Sick goggles, $600 price-tag though.. I guess that's the cost of wanting to play Legend of Zelda on the chairlift.. drunk.. hahaha. Insane goggles though if anyone's willing to drop that kind of cake for them


----------



## Jed (May 11, 2011)

Such a huge waste of money.

You'll use the stat tracking once before you realize it's a novelty that you don't care about.

Most of the features just seem gimmicky or a useless distraction if you're actually focusing on snowboarding.

Cool idea and it's a start, but in it's current form it's looks pretty useless, especially for a $500 premium over other goggles.


----------



## Sassicaia (Jan 21, 2012)

Here is what sucks about these goggles. You can only get them with either black iridium, or fire iridium. Both of those lenses are for bright sunny days only. So basically these $600 googles are useless for overcast, snowing, or night riding. 

Also after scouring the interwebs there is no confirmed info that the on board screen will allow you to connect and view a camera device like go pro. Basically as far as I can tell its only a rumor. 

For now you are better off downloading the Alpine Pro app which tracks all the stats the airwave does and only costs 2 or 3 bucks. 

My review of this thing is that its a great idea with shitty implementation. Fail.

Oh...and you have only two frame choices...black and something shaun white would wear.


----------



## seriouscat (Jan 23, 2012)

If you really want them, they are not limited to Oakley. Smith/zeal has the ready to ride versions like Oakley. They also sell the system alone for $450. There's half a dozen recon ready googles out there.

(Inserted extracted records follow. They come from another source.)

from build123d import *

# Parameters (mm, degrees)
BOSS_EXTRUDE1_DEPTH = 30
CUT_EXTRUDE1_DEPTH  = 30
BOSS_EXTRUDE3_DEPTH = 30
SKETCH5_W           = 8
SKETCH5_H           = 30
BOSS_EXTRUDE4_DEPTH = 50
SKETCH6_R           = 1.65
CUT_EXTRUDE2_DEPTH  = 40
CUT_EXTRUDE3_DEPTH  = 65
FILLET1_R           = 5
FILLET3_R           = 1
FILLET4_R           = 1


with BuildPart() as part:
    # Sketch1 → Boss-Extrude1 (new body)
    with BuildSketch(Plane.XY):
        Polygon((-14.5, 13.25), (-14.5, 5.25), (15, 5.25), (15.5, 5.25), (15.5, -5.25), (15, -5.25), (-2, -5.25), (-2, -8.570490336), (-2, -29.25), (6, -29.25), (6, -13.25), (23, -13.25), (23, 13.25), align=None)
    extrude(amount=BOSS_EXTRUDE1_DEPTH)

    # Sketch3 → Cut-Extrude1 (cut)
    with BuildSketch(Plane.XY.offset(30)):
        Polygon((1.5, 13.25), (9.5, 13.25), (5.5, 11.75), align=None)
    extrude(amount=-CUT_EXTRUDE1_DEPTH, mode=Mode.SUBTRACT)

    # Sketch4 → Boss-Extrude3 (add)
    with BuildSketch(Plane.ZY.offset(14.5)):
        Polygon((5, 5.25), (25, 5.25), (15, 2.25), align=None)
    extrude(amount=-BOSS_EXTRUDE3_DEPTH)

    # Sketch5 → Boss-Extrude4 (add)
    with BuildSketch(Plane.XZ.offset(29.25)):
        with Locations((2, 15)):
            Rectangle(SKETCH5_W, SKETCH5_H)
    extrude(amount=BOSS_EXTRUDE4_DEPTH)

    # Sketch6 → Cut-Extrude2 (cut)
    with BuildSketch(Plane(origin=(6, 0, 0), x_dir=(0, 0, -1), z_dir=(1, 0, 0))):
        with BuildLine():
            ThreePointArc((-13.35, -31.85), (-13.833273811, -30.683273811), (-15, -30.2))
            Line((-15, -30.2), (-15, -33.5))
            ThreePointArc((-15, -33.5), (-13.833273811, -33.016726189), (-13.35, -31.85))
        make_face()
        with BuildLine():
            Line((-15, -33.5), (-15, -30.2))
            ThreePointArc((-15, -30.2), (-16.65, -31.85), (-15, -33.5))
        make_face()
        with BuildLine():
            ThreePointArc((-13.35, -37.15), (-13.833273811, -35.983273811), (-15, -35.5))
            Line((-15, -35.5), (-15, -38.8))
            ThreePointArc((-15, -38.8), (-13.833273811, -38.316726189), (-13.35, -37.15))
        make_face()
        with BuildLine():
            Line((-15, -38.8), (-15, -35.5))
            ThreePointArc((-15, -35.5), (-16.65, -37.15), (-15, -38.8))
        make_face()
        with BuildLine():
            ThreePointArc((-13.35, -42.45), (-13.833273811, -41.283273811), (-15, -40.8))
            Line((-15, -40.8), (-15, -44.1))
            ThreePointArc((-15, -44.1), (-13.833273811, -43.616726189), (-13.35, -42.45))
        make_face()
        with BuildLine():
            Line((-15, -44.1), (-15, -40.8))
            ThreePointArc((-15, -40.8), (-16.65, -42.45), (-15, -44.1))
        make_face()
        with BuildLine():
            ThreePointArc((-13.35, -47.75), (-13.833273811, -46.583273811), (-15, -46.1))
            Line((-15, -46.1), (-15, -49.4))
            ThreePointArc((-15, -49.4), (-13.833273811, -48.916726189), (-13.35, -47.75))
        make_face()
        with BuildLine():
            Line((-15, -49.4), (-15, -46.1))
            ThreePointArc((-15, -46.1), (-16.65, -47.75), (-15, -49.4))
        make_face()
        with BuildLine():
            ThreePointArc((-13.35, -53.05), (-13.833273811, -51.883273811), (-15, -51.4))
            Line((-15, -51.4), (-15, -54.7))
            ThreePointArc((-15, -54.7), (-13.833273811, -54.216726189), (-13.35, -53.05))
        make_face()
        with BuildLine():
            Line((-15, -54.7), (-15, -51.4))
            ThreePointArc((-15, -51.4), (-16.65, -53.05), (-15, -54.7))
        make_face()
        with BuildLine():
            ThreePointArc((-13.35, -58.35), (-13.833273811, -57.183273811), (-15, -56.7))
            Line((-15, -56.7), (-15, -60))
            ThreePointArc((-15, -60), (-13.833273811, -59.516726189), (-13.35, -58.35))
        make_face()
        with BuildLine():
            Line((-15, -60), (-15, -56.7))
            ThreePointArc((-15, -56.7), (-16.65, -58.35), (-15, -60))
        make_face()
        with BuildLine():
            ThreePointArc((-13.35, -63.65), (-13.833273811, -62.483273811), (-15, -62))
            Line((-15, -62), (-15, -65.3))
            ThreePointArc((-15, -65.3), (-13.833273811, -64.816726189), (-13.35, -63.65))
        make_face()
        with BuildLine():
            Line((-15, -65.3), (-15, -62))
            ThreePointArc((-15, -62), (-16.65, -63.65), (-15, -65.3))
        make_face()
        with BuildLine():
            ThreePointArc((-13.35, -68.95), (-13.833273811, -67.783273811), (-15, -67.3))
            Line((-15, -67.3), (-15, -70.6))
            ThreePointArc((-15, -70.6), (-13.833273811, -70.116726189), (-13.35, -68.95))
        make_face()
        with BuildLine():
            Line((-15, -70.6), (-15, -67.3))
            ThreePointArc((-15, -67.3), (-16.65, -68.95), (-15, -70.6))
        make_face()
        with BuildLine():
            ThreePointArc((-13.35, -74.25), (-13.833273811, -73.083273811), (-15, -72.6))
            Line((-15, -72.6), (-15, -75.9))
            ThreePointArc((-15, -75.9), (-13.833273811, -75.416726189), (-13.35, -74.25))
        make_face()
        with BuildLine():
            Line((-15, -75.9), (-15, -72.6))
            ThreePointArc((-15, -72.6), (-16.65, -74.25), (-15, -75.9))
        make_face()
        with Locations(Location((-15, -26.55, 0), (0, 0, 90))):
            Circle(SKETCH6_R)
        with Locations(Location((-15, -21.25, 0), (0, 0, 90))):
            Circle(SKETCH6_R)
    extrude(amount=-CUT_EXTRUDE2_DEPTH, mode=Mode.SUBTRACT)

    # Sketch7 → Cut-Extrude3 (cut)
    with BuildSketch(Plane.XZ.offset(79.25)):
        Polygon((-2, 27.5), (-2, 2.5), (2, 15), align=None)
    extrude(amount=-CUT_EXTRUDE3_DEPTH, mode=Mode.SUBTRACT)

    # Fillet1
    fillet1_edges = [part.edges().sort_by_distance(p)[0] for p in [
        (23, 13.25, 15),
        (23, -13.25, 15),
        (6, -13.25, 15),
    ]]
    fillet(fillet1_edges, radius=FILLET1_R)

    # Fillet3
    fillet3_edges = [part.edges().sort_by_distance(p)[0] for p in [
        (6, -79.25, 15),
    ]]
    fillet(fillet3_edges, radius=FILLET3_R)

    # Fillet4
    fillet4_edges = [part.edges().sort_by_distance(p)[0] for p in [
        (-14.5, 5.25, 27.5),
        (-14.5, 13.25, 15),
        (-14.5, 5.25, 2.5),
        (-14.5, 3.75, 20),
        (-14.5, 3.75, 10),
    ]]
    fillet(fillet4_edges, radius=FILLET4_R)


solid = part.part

Both io recon and the system can be bought at MEC.


----------



## scotty100 (Apr 3, 2012)

I heard the Smith version was better from a display perspective and that the goggle lens has superior peripheral field:

Smith Products | SmithOptics.com

Looks pretty gimmicky to me although could be useful from a safety perspective if you are way off the grid...

To me the best innovation in goggles this year is the Anon M1! Why is no one talking about the awesome magnet lens switch-out tech!! So good...:thumbsup:


----------